I wouldn't mind working there. With any luck the interior isn't decorated with Hitler paintings.

javi2541997 October 07, 2024 at 17:51 #937481 0 likes

Reply to praxis Cool! I wouldn't mind to work or cohabit there either. Is it me or is it similar to Murakami's 'Killing Commendatore' house? I can see myself drinking tea and writing a haiku in your AI-generated building or duplex.

No Hitler's paintings but Hokusai's!

frank October 07, 2024 at 18:33 #937495 0 likes

Reply to jkop
The coolest results I get from using AI (I use Wonder) come from giving it an image to start with. If I wanted a three story building, I'd give it an image of a three story building and then see what it does with it. I go through lot of iterations and sometimes feed its own images back into it.

javi2541997 October 07, 2024 at 18:51 #937505 0 likes

@praxis

I typed the following prompts: "cozy," "autumn," "rainy," and "ideal for writing poems."

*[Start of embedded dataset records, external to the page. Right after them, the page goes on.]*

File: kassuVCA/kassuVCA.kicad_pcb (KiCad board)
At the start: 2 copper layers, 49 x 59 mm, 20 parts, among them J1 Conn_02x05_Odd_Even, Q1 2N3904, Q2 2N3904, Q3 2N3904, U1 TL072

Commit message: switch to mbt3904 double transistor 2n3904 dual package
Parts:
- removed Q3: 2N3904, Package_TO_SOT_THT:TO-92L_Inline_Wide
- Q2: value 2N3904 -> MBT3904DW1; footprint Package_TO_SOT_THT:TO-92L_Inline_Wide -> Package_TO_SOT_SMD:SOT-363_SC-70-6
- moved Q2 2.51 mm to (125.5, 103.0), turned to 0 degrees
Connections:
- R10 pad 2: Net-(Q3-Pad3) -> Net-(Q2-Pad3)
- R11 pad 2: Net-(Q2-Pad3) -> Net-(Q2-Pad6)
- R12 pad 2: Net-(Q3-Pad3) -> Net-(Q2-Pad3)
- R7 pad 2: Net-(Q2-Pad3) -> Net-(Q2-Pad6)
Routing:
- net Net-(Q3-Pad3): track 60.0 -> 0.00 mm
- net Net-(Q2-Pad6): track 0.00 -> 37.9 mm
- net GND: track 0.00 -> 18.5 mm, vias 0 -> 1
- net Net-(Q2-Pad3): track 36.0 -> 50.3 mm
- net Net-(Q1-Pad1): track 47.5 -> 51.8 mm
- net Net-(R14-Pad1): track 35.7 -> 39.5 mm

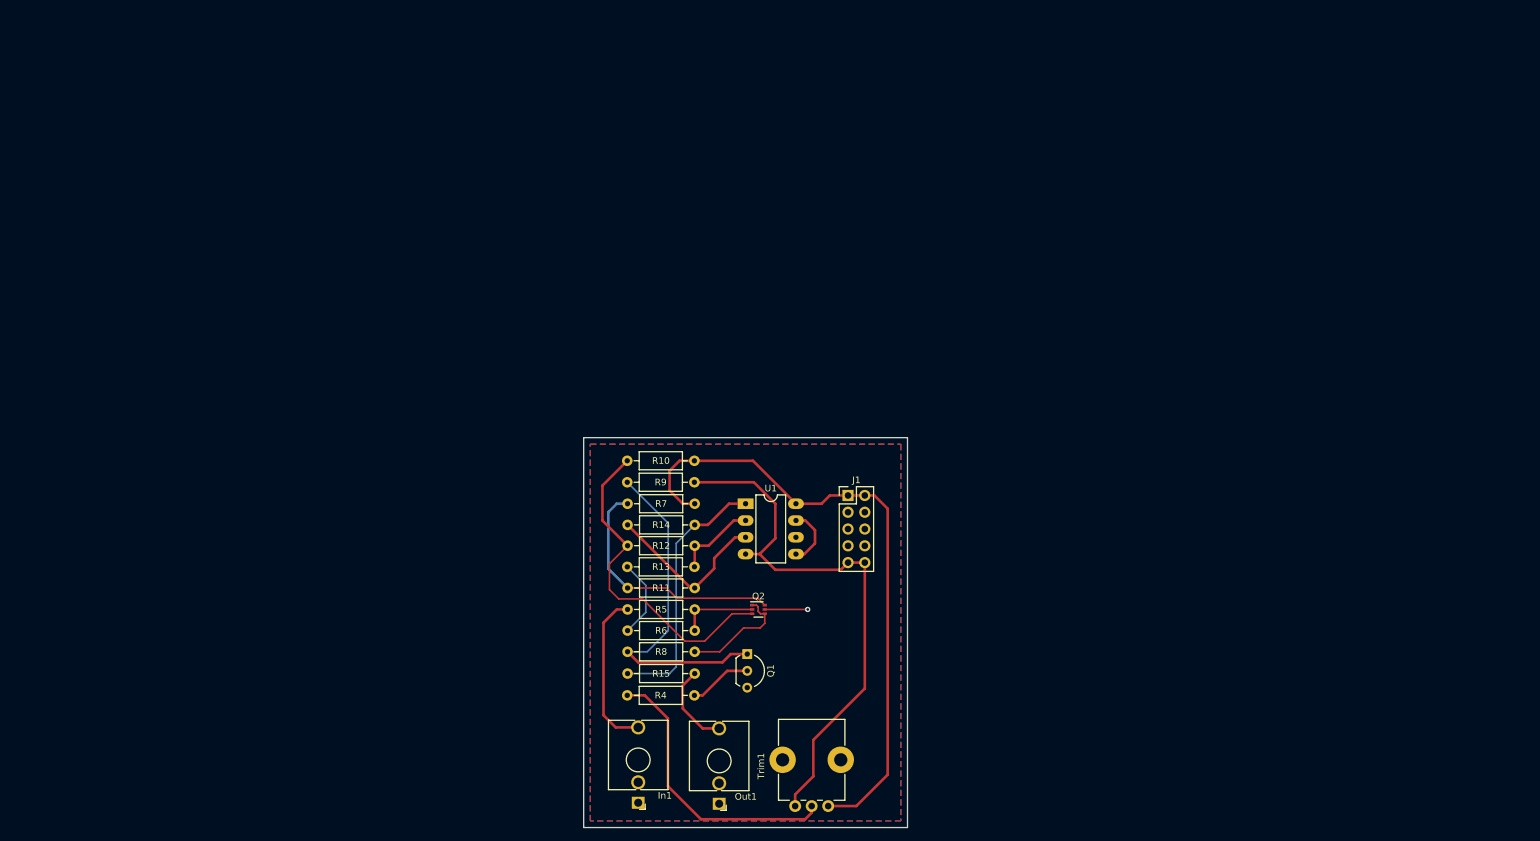
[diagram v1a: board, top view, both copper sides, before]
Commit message: VCA state working with jelly bean 2n3904 transistors
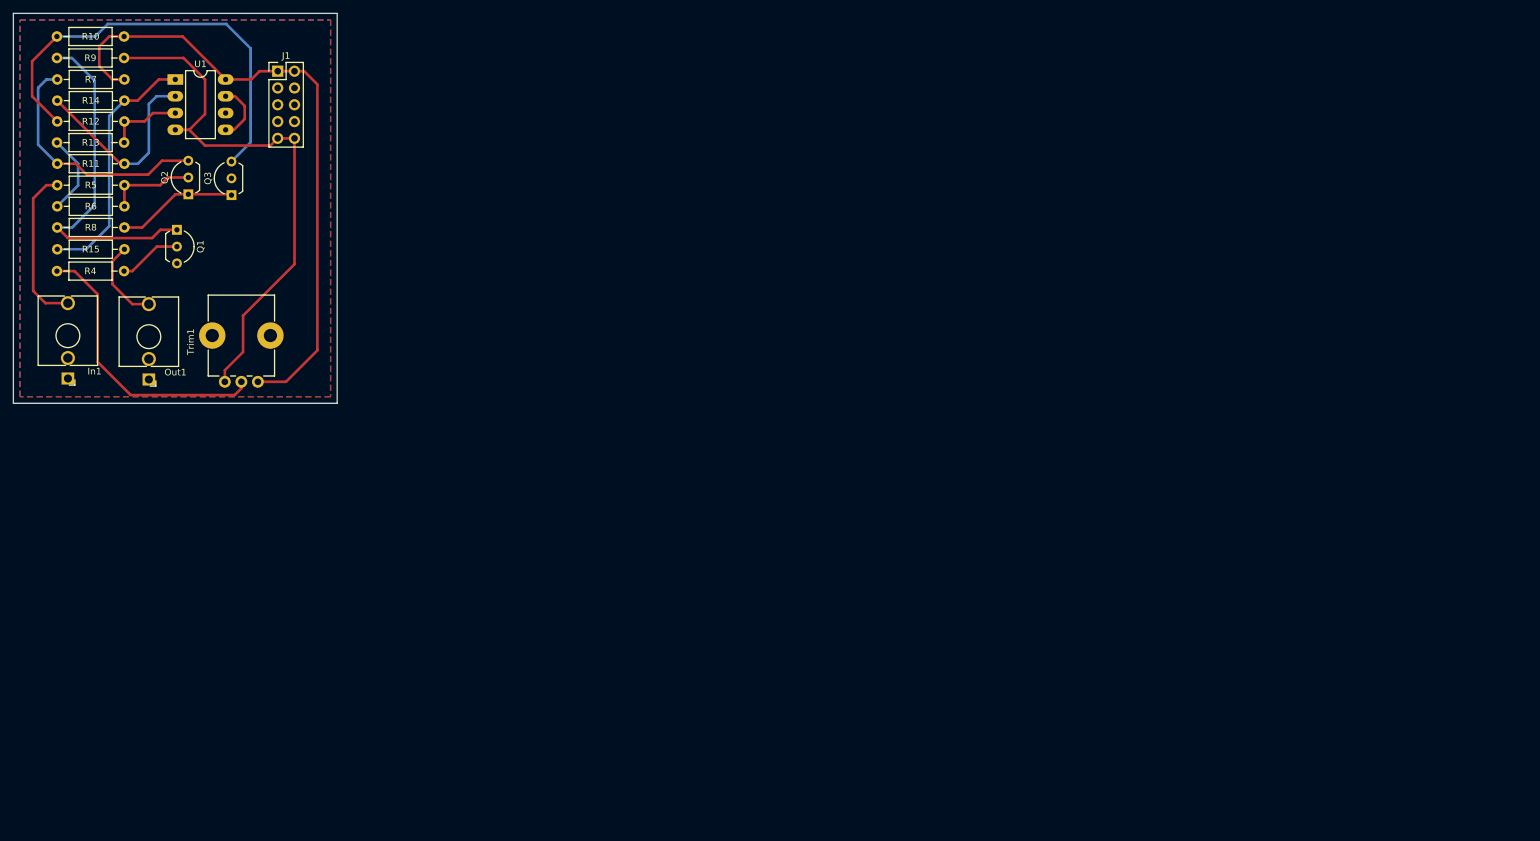
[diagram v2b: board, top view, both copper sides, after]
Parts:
- added Q3: 2N3904, Package_TO_SOT_THT:TO-92L_Inline_Wide, F.Cu at (45.7, 40.3)
- Q2: value MBT3904DW1 -> 2N3904; footprint Package_TO_SOT_SMD:SOT-363_SC-70-6 -> Package_TO_SOT_THT:TO-92L_Inline_Wide
- moved In1 107.6 mm to (20.9, 68.0)
- moved J1 107.6 mm to (52.7, 21.6)
- moved Out1 107.6 mm to (33.2, 68.2)
- moved Q1 107.6 mm to (37.5, 45.5)
- moved R10 107.6 mm to (29.4, 16.3)
- moved R11 107.6 mm to (29.5, 35.5)
- moved R12 107.6 mm to (29.5, 29.1)
- moved R13 107.6 mm to (19.3, 32.4)
- moved R14 107.6 mm to (29.5, 26.0)
- moved R15 107.6 mm to (19.3, 48.5)
- moved R4 107.6 mm to (29.4, 51.8)
- moved R5 107.6 mm to (29.5, 38.8)
- moved R6 107.6 mm to (19.3, 42.0)
- moved R7 107.6 mm to (29.5, 22.8)
- moved R8 107.6 mm to (29.5, 45.2)
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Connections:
- R10 pad 2: Net-(Q2-Pad3) -> Net-(Q3-Pad3)
- R11 pad 2: Net-(Q2-Pad6) -> Net-(Q2-Pad3)
- R12 pad 2: Net-(Q2-Pad3) -> Net-(Q3-Pad3)
- R7 pad 2: Net-(Q2-Pad6) -> Net-(Q2-Pad3)
- U1 pad 2: Net-(R12-Pad1) -> Net-(R11-Pad1)
- U1 pad 3: Net-(R11-Pad1) -> Net-(R12-Pad1)
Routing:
- net Net-(Q3-Pad3): track 0.00 -> 65.9 mm
- net Net-(Q2-Pad6): track 37.9 -> 0.00 mm
- net Net-(Q2-Pad3): track 50.3 -> 37.5 mm
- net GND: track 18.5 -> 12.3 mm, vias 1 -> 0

The AI generated houses with candles and lights inside, which I didn't like. I asked to remove them and generate a darker/cloudy ambient. It was impossible for the AI. This machine kept generating houses with lights on inside them. What a waste of money and energy!

By the way, this is the generated house. Looks good, but it is not what I had in mind...

praxis October 07, 2024 at 19:14 #937524 0 likes

Quoting javi2541997

No Hitler's paintings but Hokusai's!

I don't know, kinda weird and dark, lol.

Loved that book, btw.

jkop October 07, 2024 at 21:49 #937606 0 likes

Quoting punos

..many iterations until the AI gets it just right, or right enough.

When each iteration presents a new picture, and parts or features in the previous picture that one would like to keep are lost, no amount of iterations could make it right. That's very different from modifying a picture by changing or adding parts while keeping other parts.

Quoting frank

The coolest results I get from using AI (I use Wonder) come giving it an image to start with.

Sounds cool, I'll check it out. :up:

punos October 07, 2024 at 22:26 #937623 0 likes

Reply to jkop
Sometimes when i encounter issues like this, i "reboot" the session. I start a new thread in order to clear any data it has in its context window (chat session history). Every prompt you give it skews the token probabilities for all subsequent consecutive prompts. Sometimes a piece of data in the context window can persistently muck up your results.

Usually, when i notice this happening early on, i just delete the last prompt/response up to where it started having the issue, just to clear those pieces from the context window. Then i continue prompting from there and repeat the process if it happens again.

Full disclosure: I don't usually use AI image generators much, except in rare and specific cases. I rarely get the results i was hoping for.